Déployés déjà en Tunisie, en France et en Arabie Saoudite, ces dispositifs prouvent que la deeptech peut être à la fois locale et mondiale, durable et réplicable. Ici, l’innovation ne répond pas à une mode — elle répond à un besoin vital.
Réinventer les espaces urbains pour la transition énergétique
Après l’eau, l’énergie est la deuxième frontière. Asteroidea la franchit en repensant un espace banal : le parking.
Sa plateforme connectée et orientée données transforme les parkings en véritables hubs de mobilité intelligente, intégrant accès sans ticket, paiement numérique et bornes de recharge électrique.
Cette approche, d’une simplicité remarquable, illustre une vérité souvent oubliée : innover, ce n’est pas toujours inventer ex nihilo.

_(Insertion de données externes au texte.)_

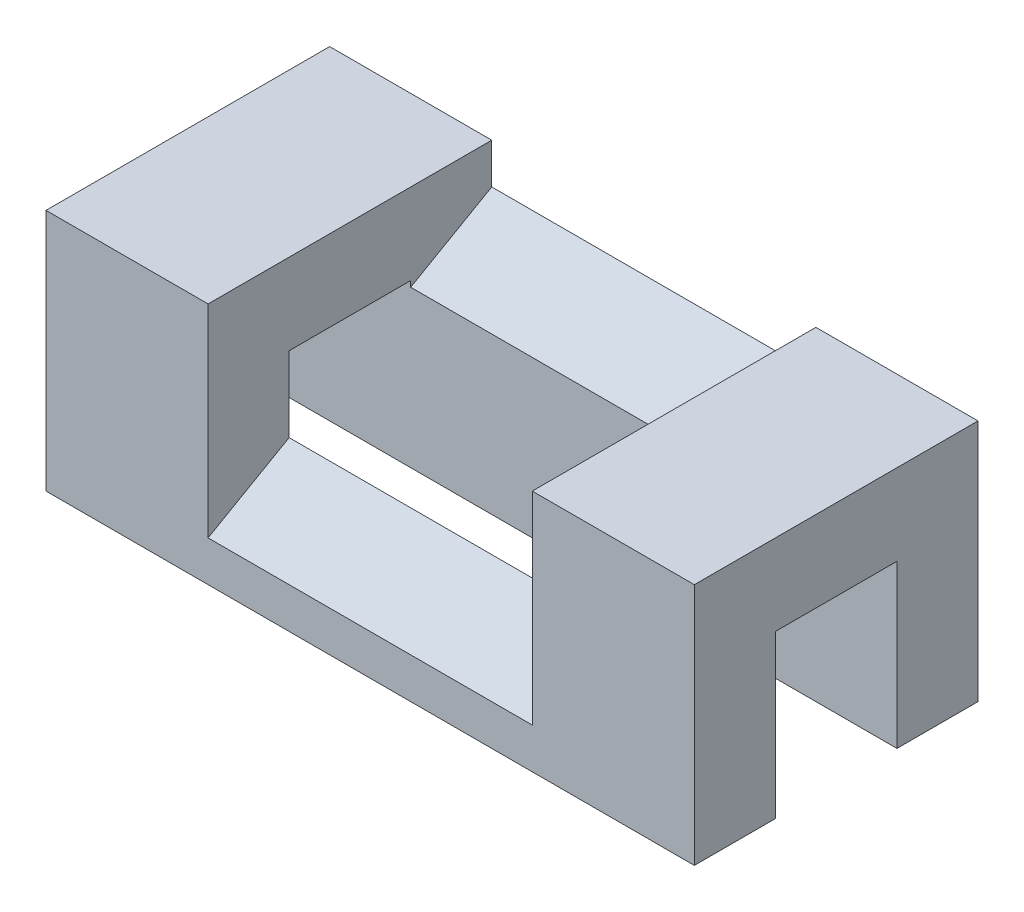
ISO-10303-21;
HEADER;
FILE_DESCRIPTION(('STEP AP214'),'2;1');
FILE_NAME('part.step','',(''),(''),'','','');
FILE_SCHEMA(('AUTOMOTIVE_DESIGN { 1 0 10303 214 1 1 1 1 }'));
ENDSEC;
DATA;
#1=APPLICATION_CONTEXT('core data for automotive mechanical design processes');
#2=APPLICATION_PROTOCOL_DEFINITION('international standard','automotive_design',2000,#1);
#3=PRODUCT_CONTEXT('',#1,'mechanical');
#4=PRODUCT('Part','Part','',(#3));
#5=PRODUCT_RELATED_PRODUCT_CATEGORY('part','',(#4));
#6=PRODUCT_DEFINITION_FORMATION('','',#4);
#7=PRODUCT_DEFINITION_CONTEXT('part definition',#1,'design');
#8=PRODUCT_DEFINITION('design','',#6,#7);
#9=PRODUCT_DEFINITION_SHAPE('','',#8);
#10=(LENGTH_UNIT() NAMED_UNIT(*) SI_UNIT(.MILLI.,.METRE.));
#11=(NAMED_UNIT(*) PLANE_ANGLE_UNIT() SI_UNIT($,.RADIAN.));
#12=(NAMED_UNIT(*) SI_UNIT($,.STERADIAN.) SOLID_ANGLE_UNIT());
#13=UNCERTAINTY_MEASURE_WITH_UNIT(LENGTH_MEASURE(1.E-05),#10,'distance_accuracy_value','');
#14=(GEOMETRIC_REPRESENTATION_CONTEXT(3) GLOBAL_UNCERTAINTY_ASSIGNED_CONTEXT((#13)) GLOBAL_UNIT_ASSIGNED_CONTEXT((#10,
#11,#12)) REPRESENTATION_CONTEXT('',''));
#15=CARTESIAN_POINT('',(0.,0.,0.));
#16=DIRECTION('',(0.,0.,1.));
#17=DIRECTION('',(1.,0.,0.));
#18=AXIS2_PLACEMENT_3D('',#15,#16,#17);
#19=CARTESIAN_POINT('',(40.,0.,-10.));
#20=DIRECTION('',(0.,0.,1.));
#21=DIRECTION('',(1.,0.,0.));
#22=AXIS2_PLACEMENT_3D('',#19,#20,#21);
#23=PLANE('',#22);
#24=DIRECTION('',(0.,1.,0.));
#25=VECTOR('',#24,1.);
#26=CARTESIAN_POINT('',(-20.,0.,-10.));
#27=LINE('',#26,#25);
#28=CARTESIAN_POINT('',(-20.,10.7142857142857,-10.));
#29=VERTEX_POINT('',#28);
#30=CARTESIAN_POINT('',(-20.,20.,-10.));
#31=VERTEX_POINT('',#30);
#32=EDGE_CURVE('E279',#29,#31,#27,.T.);
#33=ORIENTED_EDGE('',*,*,#32,.F.);
#34=DIRECTION('',(1.,0.,0.));
#35=VECTOR('',#34,1.);
#36=CARTESIAN_POINT('',(40.,10.7142857142857,-10.));
#37=LINE('',#36,#35);
#38=CARTESIAN_POINT('',(20.,10.7142857142857,-10.));
#39=VERTEX_POINT('',#38);
#40=EDGE_CURVE('E271',#29,#39,#37,.T.);
#41=ORIENTED_EDGE('',*,*,#40,.T.);
#42=DIRECTION('',(0.,1.,0.));
#43=VECTOR('',#42,1.);
#44=CARTESIAN_POINT('',(20.,0.,-10.));
#45=LINE('',#44,#43);
#46=CARTESIAN_POINT('',(20.,20.,-10.));
#47=VERTEX_POINT('',#46);
#48=EDGE_CURVE('E315',#39,#47,#45,.T.);
#49=ORIENTED_EDGE('',*,*,#48,.T.);
#50=DIRECTION('',(-1.,0.,0.));
#51=VECTOR('',#50,1.);
#52=CARTESIAN_POINT('',(40.,20.,-10.));
#53=LINE('',#52,#51);
#54=CARTESIAN_POINT('',(40.,20.,-10.));
#55=VERTEX_POINT('',#54);
#56=EDGE_CURVE('E50',#55,#47,#53,.T.);
#57=ORIENTED_EDGE('',*,*,#56,.F.);
#58=DIRECTION('',(0.,1.,0.));
#59=VECTOR('',#58,1.);
#60=CARTESIAN_POINT('',(40.,0.,-10.));
#61=LINE('',#60,#59);
#62=CARTESIAN_POINT('',(40.,0.,-10.));
#63=VERTEX_POINT('',#62);
#64=EDGE_CURVE('E285',#63,#55,#61,.T.);
#65=ORIENTED_EDGE('',*,*,#64,.F.);
#66=DIRECTION('',(-1.,0.,0.));
#67=VECTOR('',#66,1.);
#68=CARTESIAN_POINT('',(40.,0.,-10.));
#69=LINE('',#68,#67);
#70=CARTESIAN_POINT('',(-40.,0.,-10.));
#71=VERTEX_POINT('',#70);
#72=EDGE_CURVE('E11',#63,#71,#69,.T.);
#73=ORIENTED_EDGE('',*,*,#72,.T.);
#74=DIRECTION('',(0.,1.,0.));
#75=VECTOR('',#74,1.);
#76=CARTESIAN_POINT('',(-40.,0.,-10.));
#77=LINE('',#76,#75);
#78=CARTESIAN_POINT('',(-40.,20.,-10.));
#79=VERTEX_POINT('',#78);
#80=EDGE_CURVE('E224',#71,#79,#77,.T.);
#81=ORIENTED_EDGE('',*,*,#80,.T.);
#82=EDGE_CURVE('E203',#31,#79,#53,.T.);
#83=ORIENTED_EDGE('',*,*,#82,.F.);
#84=EDGE_LOOP('',(#33,#41,#49,#57,#65,#73,#81,#83));
#85=FACE_BOUND('',#84,.T.);
#86=ADVANCED_FACE('F41',(#85),#23,.F.);
#87=CARTESIAN_POINT('',(40.,20.,-10.));
#88=DIRECTION('',(0.,1.,0.));
#89=DIRECTION('',(0.,0.,1.));
#90=AXIS2_PLACEMENT_3D('',#87,#88,#89);
#91=PLANE('',#90);
#92=DIRECTION('',(0.,0.,-1.));
#93=VECTOR('',#92,1.);
#94=CARTESIAN_POINT('',(-20.,20.,-10.));
#95=LINE('',#94,#93);
#96=CARTESIAN_POINT('',(-20.,20.,-25.));
#97=VERTEX_POINT('',#96);
#98=EDGE_CURVE('E221',#31,#97,#95,.T.);
#99=ORIENTED_EDGE('',*,*,#98,.F.);
#100=ORIENTED_EDGE('',*,*,#82,.T.);
#101=DIRECTION('',(0.,0.,-1.));
#102=VECTOR('',#101,1.);
#103=CARTESIAN_POINT('',(-40.,20.,-10.));
#104=LINE('',#103,#102);
#105=CARTESIAN_POINT('',(-40.,20.,-25.));
#106=VERTEX_POINT('',#105);
#107=EDGE_CURVE('E219',#79,#106,#104,.T.);
#108=ORIENTED_EDGE('',*,*,#107,.T.);
#109=DIRECTION('',(-1.,0.,0.));
#110=VECTOR('',#109,1.);
#111=CARTESIAN_POINT('',(40.,20.,-25.));
#112=LINE('',#111,#110);
#113=EDGE_CURVE('E199',#97,#106,#112,.T.);
#114=ORIENTED_EDGE('',*,*,#113,.F.);
#115=EDGE_LOOP('',(#99,#100,#108,#114));
#116=FACE_BOUND('',#115,.T.);
#117=ADVANCED_FACE('F216',(#116),#91,.F.);
#118=CARTESIAN_POINT('',(40.,0.,-25.));
#119=DIRECTION('',(0.,0.,-1.));
#120=DIRECTION('',(-1.,0.,0.));
#121=AXIS2_PLACEMENT_3D('',#118,#119,#120);
#122=PLANE('',#121);
#123=DIRECTION('',(0.,-1.,0.));
#124=VECTOR('',#123,1.);
#125=CARTESIAN_POINT('',(-20.,0.,-25.));
#126=LINE('',#125,#124);
#127=CARTESIAN_POINT('',(-20.,19.2857142857143,-25.));
#128=VERTEX_POINT('',#127);
#129=EDGE_CURVE('E390',#97,#128,#126,.T.);
#130=ORIENTED_EDGE('',*,*,#129,.F.);
#131=ORIENTED_EDGE('',*,*,#113,.T.);
#132=DIRECTION('',(0.,-1.,0.));
#133=VECTOR('',#132,1.);
#134=CARTESIAN_POINT('',(-40.,0.,-25.));
#135=LINE('',#134,#133);
#136=CARTESIAN_POINT('',(-40.,0.,-25.));
#137=VERTEX_POINT('',#136);
#138=EDGE_CURVE('E234',#106,#137,#135,.T.);
#139=ORIENTED_EDGE('',*,*,#138,.T.);
#140=DIRECTION('',(-1.,0.,0.));
#141=VECTOR('',#140,1.);
#142=CARTESIAN_POINT('',(40.,0.,-25.));
#143=LINE('',#142,#141);
#144=CARTESIAN_POINT('',(40.,0.,-25.));
#145=VERTEX_POINT('',#144);
#146=EDGE_CURVE('E195',#145,#137,#143,.T.);
#147=ORIENTED_EDGE('',*,*,#146,.F.);
#148=DIRECTION('',(0.,-1.,0.));
#149=VECTOR('',#148,1.);
#150=CARTESIAN_POINT('',(40.,0.,-25.));
#151=LINE('',#150,#149);
#152=CARTESIAN_POINT('',(40.,20.,-25.));
#153=VERTEX_POINT('',#152);
#154=EDGE_CURVE('E291',#153,#145,#151,.T.);
#155=ORIENTED_EDGE('',*,*,#154,.F.);
#156=CARTESIAN_POINT('',(20.,20.,-25.));
#157=VERTEX_POINT('',#156);
#158=EDGE_CURVE('E200',#153,#157,#112,.T.);
#159=ORIENTED_EDGE('',*,*,#158,.T.);
#160=DIRECTION('',(0.,-1.,0.));
#161=VECTOR('',#160,1.);
#162=CARTESIAN_POINT('',(20.,0.,-25.));
#163=LINE('',#162,#161);
#164=CARTESIAN_POINT('',(20.,19.2857142857143,-25.));
#165=VERTEX_POINT('',#164);
#166=EDGE_CURVE('E376',#157,#165,#163,.T.);
#167=ORIENTED_EDGE('',*,*,#166,.T.);
#168=DIRECTION('',(-1.,0.,0.));
#169=VECTOR('',#168,1.);
#170=CARTESIAN_POINT('',(40.,19.2857142857143,-25.));
#171=LINE('',#170,#169);
#172=EDGE_CURVE('E274',#165,#128,#171,.T.);
#173=ORIENTED_EDGE('',*,*,#172,.T.);
#174=EDGE_LOOP('',(#130,#131,#139,#147,#155,#159,#167,#173));
#175=FACE_BOUND('',#174,.T.);
#176=ADVANCED_FACE('F323',(#175),#122,.F.);
#177=CARTESIAN_POINT('',(40.,30.,-35.));
#178=DIRECTION('',(0.,0.,1.));
#179=DIRECTION('',(1.,0.,0.));
#180=AXIS2_PLACEMENT_3D('',#177,#178,#179);
#181=PLANE('',#180);
#182=DIRECTION('',(0.,1.,0.));
#183=VECTOR('',#182,1.);
#184=CARTESIAN_POINT('',(-20.,30.,-35.));
#185=LINE('',#184,#183);
#186=CARTESIAN_POINT('',(-20.,25.,-35.));
#187=VERTEX_POINT('',#186);
#188=CARTESIAN_POINT('',(-20.,30.,-35.));
#189=VERTEX_POINT('',#188);
#190=EDGE_CURVE('E153',#187,#189,#185,.T.);
#191=ORIENTED_EDGE('',*,*,#190,.F.);
#192=DIRECTION('',(1.,0.,0.));
#193=VECTOR('',#192,1.);
#194=CARTESIAN_POINT('',(-20.,25.,-35.));
#195=LINE('',#194,#193);
#196=CARTESIAN_POINT('',(20.,25.,-35.));
#197=VERTEX_POINT('',#196);
#198=EDGE_CURVE('E369',#187,#197,#195,.T.);
#199=ORIENTED_EDGE('',*,*,#198,.T.);
#200=DIRECTION('',(0.,1.,0.));
#201=VECTOR('',#200,1.);
#202=CARTESIAN_POINT('',(20.,30.,-35.));
#203=LINE('',#202,#201);
#204=CARTESIAN_POINT('',(20.,30.,-35.));
#205=VERTEX_POINT('',#204);
#206=EDGE_CURVE('E305',#197,#205,#203,.T.);
#207=ORIENTED_EDGE('',*,*,#206,.T.);
#208=DIRECTION('',(-1.,0.,0.));
#209=VECTOR('',#208,1.);
#210=CARTESIAN_POINT('',(40.,30.,-35.));
#211=LINE('',#210,#209);
#212=CARTESIAN_POINT('',(40.,30.,-35.));
#213=VERTEX_POINT('',#212);
#214=EDGE_CURVE('E182',#213,#205,#211,.T.);
#215=ORIENTED_EDGE('',*,*,#214,.F.);
#216=DIRECTION('',(0.,1.,0.));
#217=VECTOR('',#216,1.);
#218=CARTESIAN_POINT('',(40.,30.,-35.));
#219=LINE('',#218,#217);
#220=CARTESIAN_POINT('',(40.,0.,-35.));
#221=VERTEX_POINT('',#220);
#222=EDGE_CURVE('E267',#221,#213,#219,.T.);
#223=ORIENTED_EDGE('',*,*,#222,.F.);
#224=DIRECTION('',(-1.,0.,0.));
#225=VECTOR('',#224,1.);
#226=CARTESIAN_POINT('',(40.,0.,-35.));
#227=LINE('',#226,#225);
#228=CARTESIAN_POINT('',(-40.,0.,-35.));
#229=VERTEX_POINT('',#228);
#230=EDGE_CURVE('E188',#221,#229,#227,.T.);
#231=ORIENTED_EDGE('',*,*,#230,.T.);
#232=DIRECTION('',(0.,1.,0.));
#233=VECTOR('',#232,1.);
#234=CARTESIAN_POINT('',(-40.,30.,-35.));
#235=LINE('',#234,#233);
#236=CARTESIAN_POINT('',(-40.,30.,-35.));
#237=VERTEX_POINT('',#236);
#238=EDGE_CURVE('E179',#229,#237,#235,.T.);
#239=ORIENTED_EDGE('',*,*,#238,.T.);
#240=EDGE_CURVE('E170',#189,#237,#211,.T.);
#241=ORIENTED_EDGE('',*,*,#240,.F.);
#242=EDGE_LOOP('',(#191,#199,#207,#215,#223,#231,#239,#241));
#243=FACE_BOUND('',#242,.T.);
#244=ADVANCED_FACE('F176',(#243),#181,.F.);
#245=CARTESIAN_POINT('',(40.,30.,0.));
#246=DIRECTION('',(0.,-1.,0.));
#247=DIRECTION('',(0.,0.,-1.));
#248=AXIS2_PLACEMENT_3D('',#245,#246,#247);
#249=PLANE('',#248);
#250=DIRECTION('',(0.,0.,1.));
#251=VECTOR('',#250,1.);
#252=CARTESIAN_POINT('',(-20.,30.,0.));
#253=LINE('',#252,#251);
#254=CARTESIAN_POINT('',(-20.,30.,0.));
#255=VERTEX_POINT('',#254);
#256=EDGE_CURVE('E156',#189,#255,#253,.T.);
#257=ORIENTED_EDGE('',*,*,#256,.F.);
#258=ORIENTED_EDGE('',*,*,#240,.T.);
#259=DIRECTION('',(0.,0.,1.));
#260=VECTOR('',#259,1.);
#261=CARTESIAN_POINT('',(-40.,30.,0.));
#262=LINE('',#261,#260);
#263=CARTESIAN_POINT('',(-40.,30.,0.));
#264=VERTEX_POINT('',#263);
#265=EDGE_CURVE('E246',#237,#264,#262,.T.);
#266=ORIENTED_EDGE('',*,*,#265,.T.);
#267=DIRECTION('',(-1.,0.,0.));
#268=VECTOR('',#267,1.);
#269=CARTESIAN_POINT('',(40.,30.,0.));
#270=LINE('',#269,#268);
#271=EDGE_CURVE('E172',#255,#264,#270,.T.);
#272=ORIENTED_EDGE('',*,*,#271,.F.);
#273=EDGE_LOOP('',(#257,#258,#266,#272));
#274=FACE_BOUND('',#273,.T.);
#275=ADVANCED_FACE('F168',(#274),#249,.F.);
#276=CARTESIAN_POINT('',(40.,0.,0.));
#277=DIRECTION('',(0.,0.,-1.));
#278=DIRECTION('',(-1.,0.,0.));
#279=AXIS2_PLACEMENT_3D('',#276,#277,#278);
#280=PLANE('',#279);
#281=DIRECTION('',(0.,-1.,0.));
#282=VECTOR('',#281,1.);
#283=CARTESIAN_POINT('',(-20.,5.,0.));
#284=LINE('',#283,#282);
#285=CARTESIAN_POINT('',(-20.,5.,0.));
#286=VERTEX_POINT('',#285);
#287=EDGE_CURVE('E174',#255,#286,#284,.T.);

C’est souvent améliorer ce qui existe déjà.
L’efficacité, une nouvelle source d’énergie
C’est la même logique pragmatique qui anime Be Wireless Solutions, spécialisée dans l’optimisation énergétique et hydrique grâce à l’IoT et à l’intelligence artificielle.
Leur système surveille la consommation, détecte les inefficacités et peut réduire les gaspillages jusqu’à 30 %.
Dans des contextes où construire de nouvelles infrastructures est coûteux, améliorer celles déjà existantes devient la forme la plus intelligente — et la plus durable — d’innovation.
Des données au service d’une planète plus propre
Des sols aux satellites, NextAV met l’intelligence artificielle au service de la transparence environnementale.
Grâce à l’imagerie satellitaire augmentée par l’IA, la startup détecte les fuites de méthane, les marées noires ou d’autres polluants, offrant un outil scalable pour surveiller et réduire l’impact industriel.
À l’heure où les marchés mondiaux s’alignent sur les indicateurs ESG et le commerce du carbone, ces technologies deviennent la colonne vertébrale de la crédibilité environnementale.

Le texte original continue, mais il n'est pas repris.